I don't want to indulge in product placement but the Asus U30Jc looked quite sexy to me: a moderately fast i3 processor, 13 inch, not too heavy, widescreen, 8-10 hours battery life, at least a partial aluminium case, hybrid graphics and significantly cheaper than a comparable MacBook Pro (and before daWuzzzz starts a war in the comments section: the hardware-optimised OS on the Mac is no good if you intend to run Linux...)
Ay, there's the rub: hybrid graphics on Linux is still in early development, and apparently the Nvidia Optimus technology (check out this Nvidia whitepaper for specs) would need a major Xorg makeover to function.
I'd consider just getting the machine and waiting for Xorg/driver updates, if I could at least use the Nvidia chip all the time or manually switch with a server reboot, but apparently one is confined to the Intel-on-board chip right now. Nvidia blames Xorg and has better things to do than work towards a solution and the Linux hybrid graphics hackers concentrate more on getting the conventional switching setup to work.
I really don't like settling on an older model just for compatibility reasons and I have forsworn ATI forever (don't start me on driver issues), so I'll see what transpires and in any case wait for the USB3-capable chipsets to become standard.
I think I'll have to go on a major frustration shopping spree now - in this town, it should be easy to spend the equivalent of a quite high-end notebook on shoes and handbags.
Update (7/26): There seems to be slight progress on the vga_switcheroo front with the nouveau drivers on an Asus N61 with an Optimus card according to the hybrid-graphics mailing list - they didn't specify the exact model (hopefully the N61Jq, it's the only one with Optimus).

22/07/2010

ntfsclone - a nice tool for dealing with ntfs partitions

Again another crashed harddrive... (maybe we should start a counter on this blog how many crashed harddrives we already got through?)

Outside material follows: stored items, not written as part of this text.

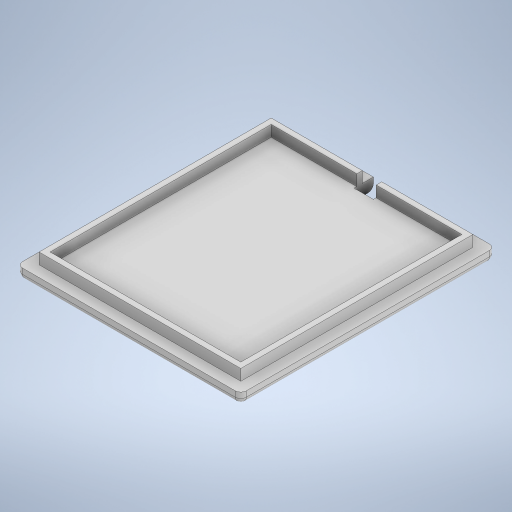
# Autodesk Inventor part: Battery Box Lid
Saved by Autodesk Inventor 2024 (Build 280153000, 153)
## iProperties
Created: 2023-07-26
Part Number: Battery Box Lid
Material: Generic
Document SubType Name: Modeling
Designer: techn
Density: 1 g/cm^3
Appearance: Default
Author: techn
## iProperties of the stored document Battery Box Lid_3DPrint.ipt
Created: 2023-07-26
Part Number: Battery Box Lid_3DPrint
Material: Generic
Document SubType Name: Modeling
Designer: techn
Density: 1 g/cm^3
Appearance: Default
Author: techn
Autodesk Inventor part; units mm, degrees
ref_plane "YZ Plane" through (0, 0, 0) normal (1, 0, 0) x (0, 1, 0)
ref_plane "XZ Plane" through (0, 0, 0) normal (0, 1, 0) x (-1, 0, 0)
ref_plane "XY Plane" through (0, 0, 0) normal (0, 0, 1) x (1, 0, 0)
sketch "Sketch1" plane through (0, 0, 0) normal (0, 1, 0) x (-1, 0, 0)
  line L0 (6.21, 11.0673) -> (-74.79, 11.0673)
  line L1 (-74.79, 11.0673) -> (-74.79, -80.9327)
  line L2 (-74.79, -80.9327) -> (6.21, -80.9327)
  line L3 (6.21, -80.9327) -> (6.21, 11.0673)
  point P0 (0, 0)
  dimension "d0" = 81
  dimension "d1" = 92
  constraints: 8 end point, 2 parallel, 1 horizontal, 1 perpendicular
  measures "d0" distance of L2.end L1.end
  measures "d1" distance of L1.end L0.end
extrude "Extrusion1" add sketch "Sketch1" along normal blind 4
sketch "Sketch2" plane through (0, 4, 0) normal (0, 1, 0) x (1, 0, 0)
  line L0 (-6.21, -11.0673) -> (74.79, -11.0673) projected
  line L1 (-3.1343, -11.0673) -> (0.8657, -11.0673) construction
  line L2 (-6.21, 80.9327) -> (-6.21, -11.0673) projected
  line L3 (-2.21, -7.0673) -> (70.79, -7.0673)
  line L4 (70.79, -7.0673) -> (70.79, 76.9327)
  line L5 (70.79, 76.9327) -> (-2.21, 76.9327)
  line L6 (-2.21, 76.9327) -> (-2.21, -7.0673)
  line L7 (74.79, -11.0673) -> (74.79, 80.9327) projected
  line L8 (-6.21, -11.0673) -> (74.79, -11.0673)
  line L9 (74.79, -11.0673) -> (74.79, 80.9327)
  line L10 (74.79, 80.9327) -> (-6.21, 80.9327)
  line L11 (-6.21, 80.9327) -> (-6.21, -11.0673)
  line L12 (-6.21, 80.9327) -> (-6.21, -11.0673) projected
  line L13 (2.4089, -7.0673) -> (4.4089, -7.0673) construction
  line L14 (-2.21, -5.0673) -> (-0.21, -5.0673) construction
  line L15 (-0.21, -5.0673) -> (68.79, -5.0673)
  line L16 (68.79, -5.0673) -> (68.79, 74.9327)
  line L17 (68.79, 74.9327) -> (-0.21, 74.9327)
  line L18 (-0.21, 74.9327) -> (-0.21, -5.0673)
  point P0 (0, 0)
  dimension "d8" = 73
  dimension "d9" = 84
  dimension "d14" = 69
  dimension "d15" = 80
  constraints: 30 end point, 6 horizontal, 6 parallel, 3 perpendicular, 3 point on line
  measures "d8" distance of L5.end L4.end
  measures "d9" distance of L4.end L3.end
  measures "d14" distance of L17.end L16.end
  measures "d15" distance of L16.end L15.end
extrude "Extrusion2" add sketch "Sketch2" along normal blind 4 contours L6 L5 L4 L3
sketch "Sketch3" plane through (0, 4, 0) normal (0, 1, 0) x (1, 0, 0)
  line L0 (-6.21, 80.9327) -> (-6.21, -11.0673) projected
  line L1 (-6.21, 78.6108) -> (34.29, 78.6108)
  line L2 (74.79, -11.0673) -> (74.79, 80.9327) projected
  line L3 (34.29, 78.6108) -> (34.29, 76.9327)
  line L4 (70.79, 76.9327) -> (-2.21, 76.9327) projected
  line L5 (34.29, 76.9327) -> (30.79, 76.9327)
  line L6 (30.79, 76.9327) -> (34.29, 76.9327)
  line L7 (34.29, 76.9327) -> (37.79, 76.9327)
  line L8 (37.79, 76.9327) -> (37.79, 73.9327)
  line L9 (37.79, 73.9327) -> (30.79, 73.9327)
  line L10 (30.79, 73.9327) -> (30.79, 76.9327)
  point P0 (0, 0)
  dimension "d18" = 40.5
  dimension "d19" = 3.5
  dimension "d20" = 3.5
  dimension "d21" = 3.5
  dimension "d22" = 3
  dimension "d23" = 7
  constraints: 16 end point, 3 perpendicular, 3 point on line, 1 collinear, 1 midpoint
  measures "d18" distance of L1.start L1.end
  measures "d19" distance of L3.end L5.end
  measures "d20" distance of L5.end L3.end
  measures "d21" distance of L3.end L7.end
  measures "d22" distance of L7.end L8.end
  measures "d23" distance of L8.end L9.end
extrude "Extrusion3" cut sketch "Sketch3" against normal blind 4
sketch "Sketch4" plane through (0, 4, 0) normal (0, -1, 0) x (1, 0, 0)
  line L0 (30.79, -76.9327) -> (37.79, -76.9327) projected
  line L1 (30.79, -73.9327) -> (30.79, -74.9327) projected
  line L2 (37.79, -76.9327) -> (30.79, -76.9327)
  line L3 (30.79, -76.9327) -> (30.79, -74.9327)
  line L4 (30.79, -74.9327) -> (37.79, -74.9327)
  line L5 (37.79, -74.9327) -> (37.79, -76.9327)
  point P0 (0, 0)
  constraints: 8 end point, 2 parallel, 1 horizontal, 1 perpendicular
extrude "Extrusion4" cut sketch "Sketch4" against normal blind 10
sketch "Sketch5" plane through (30.79, 4, -76.9327) normal (0, 0, 1) x (1, 0, 0)
  line L0 (7, -4) -> (0, -4) projected
  line L1 (0, 0) -> (0, -4) projected
  line L2 (7, -4) -> (0, -4)
  line L3 (0, -4) -> (0, 0)
  line L4 (0, 0) -> (7, 0)
  line L5 (7, 0) -> (7, -4)
  point P0 (-30.79, -4)
  constraints: 8 end point, 2 parallel, 1 horizontal, 1 perpendicular
extrude "Extrusion5" cut sketch "Sketch5" against normal blind 10
fillet "Fillet1" radius 2 9 edges at (74.79, 2, 11.0673) (74.79, 0, -34.9327) (34.29, 0, 11.0673) (-6.21, 2, 11.0673) (-6.21, 0, -34.9327) (-6.21, 2, -80.9327) (12.29, 0, -80.9327) (56.29, 0, -80.9327) (74.79, 2, -80.9327)
body "Solid1"
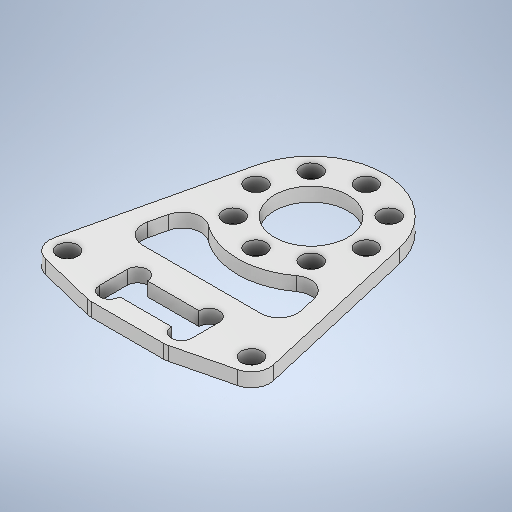
# Autodesk Inventor part: kata
Saved by Autodesk Inventor 2025.1 (Build 291241000, 241)
## iProperties
Created: 2024-09-04
Part Number: kata
Material: アルミニウム 2014-T4
Document SubType Name: Modeling
Designer: right
Density: 2.8 g/cm^3
Appearance: サテン
Mass: 1.25351 g
Surface Area: 9.76459 cm^2
Volume: 0.447683 cm^3
Author: right
Autodesk Inventor part; units mm, degrees
ref_plane "YZ Plane" through (0, 0, 0) normal (1, 0, 0) x (0, 1, 0)
ref_plane "XZ Plane" through (0, 0, 0) normal (0, 1, 0) x (-1, 0, 0)
ref_plane "XY Plane" through (0, 0, 0) normal (0, 0, 1) x (1, 0, 0)
sketch "スケッチ1" plane through (0, 0, 0) normal (0, 1, 0) x (-1, 0, 0)
  circle A0 centre (0, 0) radius 4
  circle A1 centre (0, 0) radius 6 construction
  circle A2 centre (0, 0) radius 8
  circle A3 centre (0, -6) radius 1.1
  circle A4 centre (4.2426, -4.2426) radius 1.1
  circle A5 centre (6, 0) radius 1.1
  circle A6 centre (4.2426, 4.2426) radius 1.1
  circle A7 centre (0, 6) radius 1.1
  circle A8 centre (-4.2426, 4.2426) radius 1.1
  circle A9 centre (-6, 0) radius 1.1
  circle A10 centre (-4.2426, -4.2426) radius 1.1
  line L0 (5, 15) -> (-5, 15)
  line L1 (-5, 15) -> (-5, 18)
  line L2 (-5, 18) -> (5, 18)
  line L3 (5, 18) -> (5, 15)
  circle A11 centre (3.9, 15) radius 1.1
  line L4 (0, 15) -> (0, 18) construction
  circle A12 centre (-3.9, 15) radius 1.1
  line L5 (-5, 16.5) -> (5, 16.5) construction
  circle A13 centre (3.9, 18) radius 1.1
  circle A14 centre (-3.9, 18) radius 1.1
  circle A15 centre (-10, 16.5) radius 1.1
  circle A16 centre (10, 16.5) radius 1.1
  circle A17 centre (10, 16.5) radius 2
  circle A18 centre (3.9, 18) radius 2
  circle A19 centre (-10, 16.5) radius 2
  line L6 (7.7918, -1.8132) -> (11.948, 16.0467)
  line L7 (-7.7918, -1.8132) -> (-11.948, 16.0467)
  line L8 (10.4776, 18.4421) -> (4.3776, 19.9421)
  circle A20 centre (-3.9, 18) radius 2
  line L9 (-10.4776, 18.4421) -> (-4.3776, 19.9421)
  line L10 (3.9, 20) -> (-4.1423, 20)
  point P0 (2.8, 18)
  point P1 (5, 18)
  point P2 (2.8, 15)
  point P3 (-2.8, 15)
  point P4 (-5, 15)
  point P5 (-5, 18)
  point P6 (-2.8, 18)
  point P7 (-3.9, 20)
  point P8 (-10.4776, 18.4421)
  dimension "d1" = 12
  dimension "d11" = 2.2
  dimension "d16" = 4
  dimension "d0" = 8
  dimension "d2" = 16
  dimension "d3" = 2.2
  dimension "d6" = 360
  dimension "d8" = 10
  dimension "d9" = 3
  dimension "d10" = 15
  dimension "d12" = 2.2
  dimension "d13" = 5
  dimension "d14" = 4
  dimension "d15" = 4
  constraints: 22 end point, 17 centre point, 7 symmetric about line, 6 coincident, 6 point on circle, 6 tangent, 4 midpoint, 3 vertical alignment, 2 horizontal, 2 parallel, 2 perpendicular, 2 point on line, 1 horizontal alignment, 34 other
  measures "d0" diameter of A0
  measures "d2" diameter of A2
  measures "d3" diameter of A3
  measures "d8" distance of L0.start L0.end
  measures "d9" distance of L2.end L0.start
  measures "d10" distance of L4.start point (0, 0)
  measures "d12" diameter of A15
  measures "d13" distance from line of L1 A15.centre
  measures "d14" diameter of A17
  measures "d15" diameter of A18
extrude "押し出し1" add sketch "スケッチ1" along normal blind 1.5 contours A2 | A2 L7 A19 L9 A20 L1 A12 L0 A11 L3 A18 L8 A17 L6 | A19 | A17 | A20 L2 A14 L1 | A18 L3 A13 L2 | L10 A18 L2 A20
sketch "スケッチ2" plane through (0, 1.5, 0) normal (0, 1, 0) x (1, 0, 0)
  line L0 (-8.9295, -11.9) -> (8.9295, -11.9)
  line L1 (8.9295, -11.9) -> (7.0432, -3.7939)
  line L2 (-7.7918, 1.8132) -> (-11.948, -16.0467) projected
  circle A0 centre (0, 0) radius 8
  line L3 (-8.9295, -11.9) -> (-7.0432, -3.7939)
  line L4 (-7.7918, 1.8132) -> (-11.948, -16.0467) projected
  line L5 (11.948, -16.0467) -> (7.7918, 1.8132) projected
  arc A1 (-2.8, -15) -> (-5, -15) centre (-3.9, -15) ccw projected
  point P0 (-3.9, -13.9)
  dimension "d19" = 2
  dimension "d20" = 2
  dimension "d21" = 2
  constraints: 6 end point, 4 point on circle, 2 parallel, 1 centre point, 1 coincident, 1 horizontal
  measures "d19" distance between parallel lines of L2 L3
  measures "d20" distance from line of point (-3.9, -13.9) L0
  measures "d21" distance between parallel lines of L5 L1
extrude "押し出し2" cut sketch "スケッチ2" against normal through all contours L3 A0 L1 L0
fillet "フィレット1" radius 2 4 edges at (-7.0432, 0.75, 3.7939) (7.0432, 0.75, 3.7939) (8.9295, 0.75, 11.9) (-8.9295, 0.75, 11.9)
equation "\"d21\" = d19"
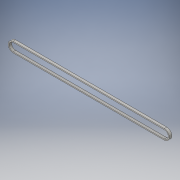
# Autodesk Inventor part: 16inchliftwire
Saved by Autodesk Inventor 2016 (Build 200138000, 138)
## iProperties
Created: 2017-01-16
Part Number: 16inchliftwire
Material: Generic
Document SubType Name: Modeling
Designer: RoboticsUser
Density: 1 g/cm^3
Appearance: Default
Author: RoboticsUser
Autodesk Inventor part; units mm, degrees
ref_plane "YZ Plane" through (0, 0, 0) normal (1, 0, 0) x (0, 1, 0)
ref_plane "XZ Plane" through (0, 0, 0) normal (0, 1, 0) x (-1, 0, 0)
ref_plane "XY Plane" through (0, 0, 0) normal (0, 0, 1) x (1, 0, 0)
sketch "Sketch1" plane through (0, 0, 0) normal (0, 0, 1) x (1, 0, 0)
  line L0 (0, 0) -> (406.4, 0)
  line L1 (406.4, 0) -> (406.4, 25.4)
  line L2 (406.4, 25.4) -> (0, 25.4)
  line L3 (0, 25.4) -> (0, 0)
  dimension "d0" = 406.4
  dimension "d1" = 25.4
  constraints: 8 end point, 2 parallel, 1 horizontal, 1 perpendicular
  measures "d0" distance of L2.end L1.end
  measures "d1" distance of L1.end L0.end
extrude "Extrusion1" add sketch "Sketch1" along normal blind 6.35
fillet "Fillet1" radius 12.7 1 edges at (406.4, 25.4, 3.175)
fillet "Fillet2" radius 12.7 1 edges at (406.4, 0, 3.175)
fillet "Fillet3" radius 12.7 1 edges at (0, 25.4, 3.175)
fillet "Fillet4" radius 12.7 1 edges at (0, 0, 3.175)
shell "Shell1" thickness 2.54 removed faces 2 at (266.7, 8.4667, 6.35) at (266.7, 8.4667, 0)
body "Solid1"
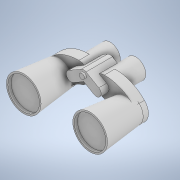
# Autodesk Inventor part: Część19
Saved by Autodesk Inventor 2021 (Build 250183000, 183)
## iProperties
Created: 2023-10-31
Part Number: Część19
Material: Ogólny
Document SubType Name: Modeling
Designer: Jakub
Density: 1 g/cm^3
Appearance: Domyślna
Author: Jakub
Autodesk Inventor part; units mm, degrees
ref_plane "YZ Plane" through (0, 0, 0) normal (1, 0, 0) x (0, 1, 0)
ref_plane "XZ Plane" through (0, 0, 0) normal (0, 1, 0) x (-1, 0, 0)
ref_plane "XY Plane" through (0, 0, 0) normal (0, 0, 1) x (1, 0, 0)
sketch "Szkic1" plane through (0, 0, 0) normal (0, 0, 1) x (1, 0, 0)
  circle A0 centre (0, 0) radius 5
  line L0 (0, 0) -> (-108.8243, -62.8298)
  line L1 (0, 0) -> (125.6595, 0) construction
  line L2 (0, 0) -> (0, -14)
  line L3 (0, -14) -> (-24.2487, -14)
  line L4 (-24.2487, -14) -> (-32.0429, -18.5)
  line L5 (-32.0429, -18.5) -> (-32.0429, -18.5)
  line L6 (-36.5429, -10.7058) -> (-32.0429, -18.5)
  line L7 (0, 0) -> (7.7942, 4.5)
  line L8 (7.7942, 4.5) -> (7.7942, 4.5)
  line L9 (12.2942, -3.2942) -> (7.7942, 4.5)
  line L10 (-4.5, 7.7942) -> (-28.7487, -6.2058)
  line L11 (-19.7487, -21.7942) -> (4.5, -7.7942)
  arc A1 (4.5, -7.7942) -> (7.7942, 4.5) centre (0, 0) ccw
  arc A2 (-32.0429, -18.5) -> (-19.7487, -21.7942) centre (-24.2487, -14) ccw
  arc A3 (-28.7487, -6.2058) -> (-32.0429, -18.5) centre (-24.2487, -14) ccw
  arc A4 (7.7942, 4.5) -> (-4.5, 7.7942) centre (0, 0) ccw
  point P0 (-27.5429, -26.2942)
  point P1 (3.2942, 12.2942)
  dimension "d0" = 10
  dimension "d1" = 150
  dimension "d2" = 14
  dimension "d3" = 9
  dimension "d4" = 9
  dimension "d5" = 18
  dimension "d6" = 9
  dimension "d7" = 9
  dimension "d8" = 18
  dimension "d9" = 9
  constraints: 24 end point, 12 point on line, 8 point on circle, 8 tangent, 5 centre point, 4 perpendicular, 3 equal radius, 1 coincident, 1 equal length, 1 horizontal, 1 vertical
  measures "d0" diameter of A0
  measures "d1" angle of L0 L1
  measures "d2" distance of L0.start L2.end
  measures "d3" distance of L3.end L4.end
  measures "d4" distance of L4.end L6.start
  measures "d5" distance of L6.start point (-27.543, -26.294)
  measures "d6" distance of L0.start L7.end
  measures "d7" distance of L7.end L9.start
  measures "d8" distance of L9.start point (3.294, 12.294)
  measures "d9" radius of A1
extrude "Wyciągnięcie proste1" add sketch "Szkic1" along normal mid plane 50 contours A0 L7 A1 L11 L2 | A0 L0 A3 L10 A4 L7 | L2 L11 L3 L0 A0 | L3 L11 A2 L0
sketch "Szkic2" plane through (0, 0, 0) normal (0, 0, 1) x (1, 0, 0)
  circle A0 centre (0, 0) radius 5
  constraints: 1 centre point, 1 coincident
extrude "Wyciągnięcie proste2" add sketch "Szkic2" along normal mid plane 57
sketch "Szkic3" plane through (0, 0, 0) normal (0, 0, 1) x (1, 0, 0)
  arc A0 (-28.7487, -6.2058) -> (-19.7487, -21.7942) centre (-24.2487, -14) ccw projected
  circle A1 centre (-24.2487, -14) radius 19
  point P0 (0, 0)
  dimension "d14" = 38
  constraints: 1 centre point, 1 coincident
  measures "d14" diameter of A1
extrude "Wyciągnięcie proste3" add sketch "Szkic3" along normal blind 10 and the other way blind 50
sketch "Szkic4" plane through (0, 0, 0) normal (0, 0, 1) x (1, 0, 0)
  arc A0 (-28.7487, -6.2058) -> (-19.7487, -21.7942) centre (-24.2487, -14) ccw projected
  circle A1 centre (-24.2487, -14) radius 19
  circle A2 centre (0, 0) radius 5 projected
  line L0 (0, 0) -> (141.5882, 0) construction
  arc A3 (-14.2573, 2.1608) -> (-5.2573, -13.4276) centre (-24.2487, -14) ccw projected
  line L1 (-24.2487, -14) -> (-63.2199, -36.5)
  circle A4 centre (-63.2199, -36.5) radius 25
  arc A5 (-24.2487, 5) -> (-80.5692, -18.5) centre (-25.6054, -70.9879) ccw
  arc A6 (-19.7487, -32.4594) -> (-40.7032, -47.3628) centre (-9.5006, -69.0514) ccw
  point P0 (-19.7487, -32.4594)
  point P1 (-24.2487, 5)
  dimension "d20" = 45
  dimension "d21" = 50
  dimension "d22" = 76
  dimension "d24" = 38
  constraints: 8 point on circle, 4 centre point, 4 end point, 2 coincident, 1 horizontal
  measures "d20" distance of L1.start L1.end
  measures "d21" diameter of A4
  measures "d22" radius of A5
  measures "d24" radius of A6
extrude "Wyciągnięcie proste4" add sketch "Szkic4" along normal mid plane 20 contours A1 | A6 A4 L1 A1 | L1 A4 A5 A1 | A4
sketch "Szkic5" plane through (0, 0, 0) normal (0, 0, 1) x (1, 0, 0)
  arc A0 (-80.5692, -18.5) -> (-40.7032, -47.3628) centre (-63.2199, -36.5) ccw projected
  circle A1 centre (-63.2199, -36.5) radius 32.99
  point P0 (0, 0)
  dimension "d39" = 65.98
  constraints: 1 centre point, 1 coincident
  measures "d39" diameter of A1
extrude "Wyciągnięcie proste7" add sketch "Szkic5" along normal blind 76 separate body
chamfer "Faza1" distance 76 distance2 7.99 1 edges at (-96.2099, -36.5, 0) measured on face at (-30.3368, -39.1546, 50.6667)
sketch "Szkic7" plane through (-63.2199, -36.5, 76) normal (0, 0, 1) x (1, 0, 0)
  circle A0 centre (0, 0) radius 30
  point P0 (63.2199, 36.5)
  dimension "d45" = 60
  constraints: 1 centre point
  measures "d45" diameter of A0
extrude "Wyciągnięcie proste8" cut sketch "Szkic7" against normal blind 6 bodies 2
sketch "Szkic8" plane through (-24.2487, -14, -50) normal (0, 0, -1) x (-1, 0, 0)
  circle A0 centre (0, 0) radius 16
  point P0 (-24.2487, 14)
  dimension "d48" = 32
  constraints: 1 centre point
  measures "d48" diameter of A0
extrude "Wyciągnięcie proste9" cut sketch "Szkic8" against normal blind 6 bodies 1
mirror "Odbij1" about plane through (0, 0, 0) normal (1, 0, 0) bodies 2 1

By chance, I fell over a tool called ntfsclone using gparted, because in the error analysis of the damaged harddrive showed up a tool tip to use ntfsclone to get an image of the partition before doing anything else.

17/07/2010

Lilypond fails at ghostscript PDF conversion

openSuSE 11.3 came with the new ghostscript 8.70, which lilypond wasn't quite ready for yet. On my system, gs consistently threw a "failed (256)" error when called by lilypond - just copying and pasting the gs code from the lilypond log into a shell worked, btw.
Quoting Graham Percival on the Lilypond mailing list:
Ghostscript was bumped to something.70, and a bunch of extra patches we apply to ghostscript changed. We'll look into it.
He has already posted an apparently patched development version here, but I haven't seen a linux x86 version there. Anyway, for all x86 users and people who'd rather stick to the stable release, there is the simple solution of downgrading to ghostscript < 8.70 - I used openSuSE 11.2's ghostscript-library 8.64, which worked fine, at least with LaTeX and lilypond.

16/07/2010

Really, openSuSE!

Touchpad control - great!
Improved wireless handling - impressive!
No desktop effects without kernel tweaking - priceless.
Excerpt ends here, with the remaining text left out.